S. aureus strains were grown in TSB overnight at 37 °C, 250 rpm. Bacterial cultures were diluted to an optical density at 600 nm (OD600) of 0.05 in 4% whey permeate medium containing 0.2% casein hydrolysate (ICN Biochemicals, Ohio, USA) and 1.9% glycerolphosphate (SIGMA Life Science, Missouri, USA). Growth was continued under the same conditions until the exponential phase (OD600 = 0.5) was reached. After this pre-culture, the cells were diluted once more in whey permeate medium46 and growth was continued for 2 h. Bacterial culture samples of 2 mL were pelleted and washed once in phosphate-buffered saline (PBS, Media products). The obtained cell pellet was disrupted with 0.1 µM glass beads in PBS with a protease inhibitor cocktail (complete, Mini, EDTA-free, Roche) in a Precellys 24 homogenizer (Bertin Technologies, Saint Quentin en Yvelines Cedex, France). After centrifugation, cell wall fragments were resuspended in 4% sodium dodecyl sulphate (Sigma-Aldrich), incubated for 3 min at 100 °C, and washed six times with PBS47. Afterwards, the cell wall fragments were incubated in 50 mM Tris (pH 7.5, Sigma-Aldrich) with lysostaphin (final concentration 200 µg/mL) and protease inhibitor cocktail (Roche) for 3 h at 37 °C. The original Western blotting image is presented as Supplemental Fig. S2.

Covalently cell wall-bound proteins were separated by lithium dodecyl sulphate (LDS)-PAGE using NuPAGE gels (Life Technologies, California, USA) and subsequently transferred to a nitrocellulose membrane (Protran nitrocellulose transfer paper, Whatman, Germany). Membranes were incubated with polyclonal rabbit antibodies against SdrE (1:5,000) and thereafter with an IRDye800CW-labelled goat anti-rabbit IgG secondary antibody (1:10,000; LI-COR Biosciences, Lincoln, USA). Finally, the membranes were scanned with an Odyssey Infrared Imaging System (LI-COR Biosciences) for fluorescence at 800 and 700 nm.
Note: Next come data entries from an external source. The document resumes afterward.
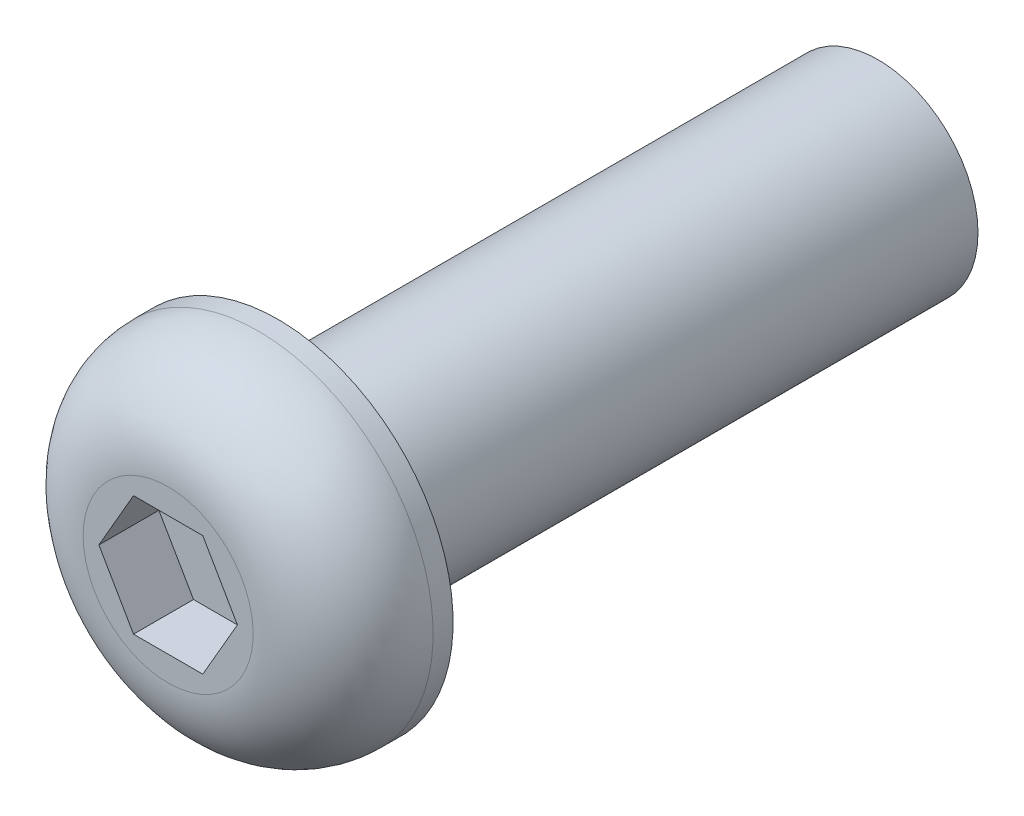
from build123d import *

# Parameters (mm, degrees)
SKETCH1_R          = 5
EXTRUDE1_DEPTH     = 30
CUT_EXTRUDE1_DEPTH = 3


with BuildPart() as part:
    # Sketch1 → Extrude1 (new body)
    with BuildSketch(Plane.XY):
        Circle(SKETCH1_R)
    extrude(amount=-EXTRUDE1_DEPTH)

    # Sketch2 → Revolve1 (revolve)
    with BuildSketch(Plane(origin=(0, 0, 0), x_dir=(0, 0, -1), z_dir=(1, 0, 0)), mode=Mode.PRIVATE) as revolve1_sk:
        with BuildLine():
            Line((0, 0), (0, 8.75))
            Line((0, 8.75), (-1, 8.75))
            ThreePointArc((-1, 8.75), (-4.181980515, 7.431980515), (-5.5, 4.25))
            Line((-5.5, 4.25), (-5.5, 0))
            Line((-5.5, 0), (0, 0))
        make_face()
    revolve(revolve1_sk.sketch.rotate(Axis((0, 0, 0), (0, 0, 1)), 90), axis=Axis((0, 0, 0), (0, 0, 1)))

    # Sketch3 → Cut-Extrude1 (cut)
    with BuildSketch(Plane.XY.offset(5.5)):
        Polygon((-1.732050808, 3), (-3.464101615, 0), (-1.732050808, -3), (1.732050808, -3), (3.464101615, 0), (1.732050808, 3), align=None)
    extrude(amount=-CUT_EXTRUDE1_DEPTH, mode=Mode.SUBTRACT)


solid = part.part

Biological and chemical safety

S. aureus is a biosafety level 2 (BSL-2) microbiological agent and was accordingly handled following appropriate safety procedures. All experiments involving live S. aureus bacteria were performed under appropriate BSL-2 containment as approved by the biological safety officers of the University Medical Center Groningen (UMCG). All chemicals and reagents used in this study were handled according to the local and international guidelines and protocols for safe usage and protection of the environment.

Ethics

For the isolation of bacteria from waste milk samples of mastitic cows and for the non-invasive nasal swabs from calves of mastitic cows, in Mexico no ethical permission was required at the time of sampling. Since all investigated bacteria were collected in Mexico, no ethical approval was required for the investigations performed at the University Medical Center Groningen (UMCG). The research project was performed with adherence to the Nagoya Protocol on Access and Benefit Sharing (ABS).